# Computer bei Ebay



## Anonymous (28 Mai 2002)

Wie hoch ist das Risiko, wenn ich einen Computer bei Ebay kaufe und diesen dann per Vorkasse bezahlen. Der Entsprechende Verkäufer hat allerdings schon über 1000 positive Bewertungen? Vienen Dank für Eure Antworten! Florian


----------



## Freeman76 (28 Mai 2002)

Sorry, eine konkrete Aussage wie 90 % oder 50% kann Dir wahrscheinlich keiner geben  :cry: . Wenn der Verkäufer aber schon eine große Anzahl an guten Bewertungen bekommen hat, dann ist die Wahrscheinlichkeit, dass die Ware auch nach der Bezahlung ankommt, relativ hoch (mittlerweile). Deshalb ist ein Verkäufer ohne Punkte aber nicht gleich ein Betrüger. Jeder fängt bei Ebay klein an. Deshalb ist eine Aussage schwierig wenn nicht gar unmöglich  :-? 

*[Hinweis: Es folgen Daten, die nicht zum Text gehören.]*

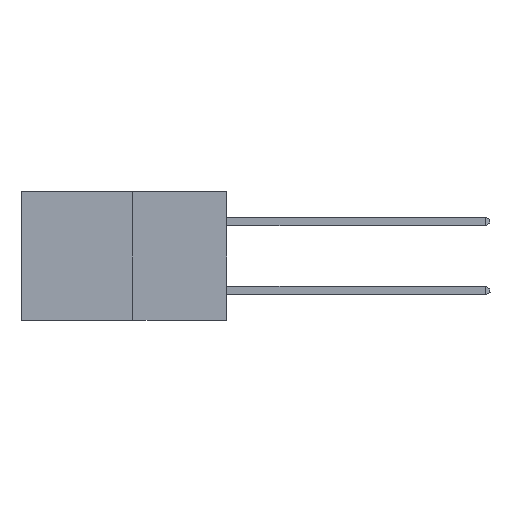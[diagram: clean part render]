
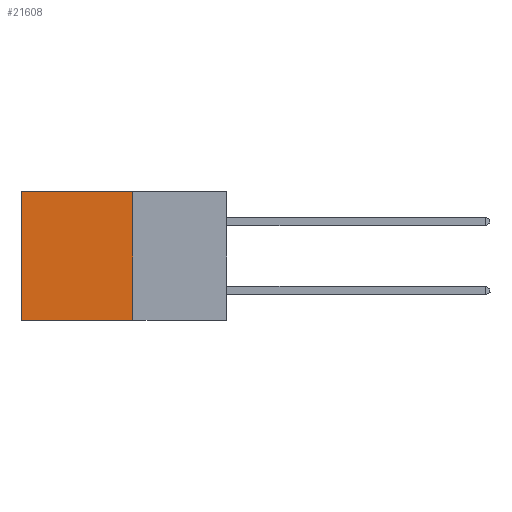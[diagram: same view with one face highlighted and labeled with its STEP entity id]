
A CAD part, left-side view. The second image highlights one B-rep face of the part: STEP entity #21608.
In plain terms, the highlighted planar face has unit normal (-1, 0, 0).
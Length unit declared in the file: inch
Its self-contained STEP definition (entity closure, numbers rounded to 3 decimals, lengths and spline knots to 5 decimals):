
#260 = VERTEX_POINT ( 'NONE', #17697 ) ;
#566 = VECTOR ( 'NONE', #21449, 39.37008 ) ;
#1424 = ORIENTED_EDGE ( 'NONE', *, *, #7561, .F. ) ;
#1760 = ORIENTED_EDGE ( 'NONE', *, *, #21348, .F. ) ;
#2118 = DIRECTION ( 'NONE',  ( 0., 1., 0. ) ) ;
#2591 = CARTESIAN_POINT ( 'NONE',  ( 0.277, 0.27, -0.37 ) ) ;
#2614 = CARTESIAN_POINT ( 'NONE',  ( 0.277, 0.27, -0.37 ) ) ;
#3312 = VECTOR ( 'NONE', #15033, 39.37008 ) ;
#3472 = ORIENTED_EDGE ( 'NONE', *, *, #12091, .T. ) ;
#3666 = LINE ( 'NONE', #10492, #11698 ) ;
#4326 = DIRECTION ( 'NONE',  ( 0., 0., -1. ) ) ;
#4434 = VERTEX_POINT ( 'NONE', #13353 ) ;
#4963 = VERTEX_POINT ( 'NONE', #14643 ) ;
#5338 = DIRECTION ( 'NONE',  ( 0., 0., -1. ) ) ;
#7561 = EDGE_CURVE ( 'NONE', #4434, #4963, #14284, .T. ) ;
#8334 = EDGE_CURVE ( 'NONE', #18370, #4963, #17523, .T. ) ;
#8562 = ORIENTED_EDGE ( 'NONE', *, *, #8334, .T. ) ;
#9252 = CARTESIAN_POINT ( 'NONE',  ( 0.277, 0.59, 0. ) ) ;
#10420 = EDGE_LOOP ( 'NONE', ( #8562, #1424, #1760, #3472 ) ) ;
#10492 = CARTESIAN_POINT ( 'NONE',  ( 0.277, 0.27, -0.37 ) ) ;
#11000 = AXIS2_PLACEMENT_3D ( 'NONE', #2614, #14546, #4326 ) ;
#11423 = FACE_OUTER_BOUND ( 'NONE', #10420, .T. ) ;
#11698 = VECTOR ( 'NONE', #5338, 39.37008 ) ;
#12091 = EDGE_CURVE ( 'NONE', #260, #18370, #21877, .T. ) ;
#12365 = CARTESIAN_POINT ( 'NONE',  ( 0.277, 0.27, 0. ) ) ;
#13353 = CARTESIAN_POINT ( 'NONE',  ( 0.277, 0.27, -0.37 ) ) ;
#13846 = VECTOR ( 'NONE', #2118, 39.37008 ) ;
#14284 = LINE ( 'NONE', #2591, #566 ) ;
#14546 = DIRECTION ( 'NONE',  ( 1., 0., 0. ) ) ;
#14643 = CARTESIAN_POINT ( 'NONE',  ( 0.277, 0.59, -0.37 ) ) ;
#15033 = DIRECTION ( 'NONE',  ( 0., 0., -1. ) ) ;
#17523 = LINE ( 'NONE', #20217, #3312 ) ;
#17697 = CARTESIAN_POINT ( 'NONE',  ( 0.277, 0.27, 0. ) ) ;
#18370 = VERTEX_POINT ( 'NONE', #9252 ) ;
#20217 = CARTESIAN_POINT ( 'NONE',  ( 0.277, 0.59, -0.37 ) ) ;
#21348 = EDGE_CURVE ( 'NONE', #260, #4434, #3666, .T. ) ;
#21402 = PLANE ( 'NONE',  #11000 ) ;
#21449 = DIRECTION ( 'NONE',  ( 0., 1., 0. ) ) ;
#21608 = ADVANCED_FACE ( 'NONE', ( #11423 ), #21402, .F. ) ;
#21877 = LINE ( 'NONE', #12365, #13846 ) ;

Ich habe schon viele Dinge über EBay bestellt und halte es immer so: Mehr als 150 Mark/75 Euro - keine Vorkasse mehr. Gibts keine Ware oder entspricht die Sache nicht der Erwartung, dann ist es mehr oder weniger "egal". Ist aber eine persönliche Einstellung und jedem selber überlassen.


----------



## Devilfrank (29 Mai 2002)

Um sicher zu gehen, schlag dem Verkäufer vor, die Transaktion über ein Treuhänderkonto abzuwickeln. Da seid ihr beide sicher.

Gruss Frank


----------



## floh (2 Juni 2002)

Auf die Bewertungen würde ich mich hier nicht verlassen, wer kann dir garantieren, dass die alle echt sind, d.h. wirklich von Käufern. Es taucht immer wieder der Verdacht auf, dass Bewertungen manipuliert sein können, durch verschiedene Anmeldungen oder von Freunden. 
Grössere Sachen würde ich auch nur über ein Treuhandkonto oder per Nachnahme abwickeln, auch wenns etwas mehr kostet, aber Sicherheit kostet eben ein bisschen mehr.


----------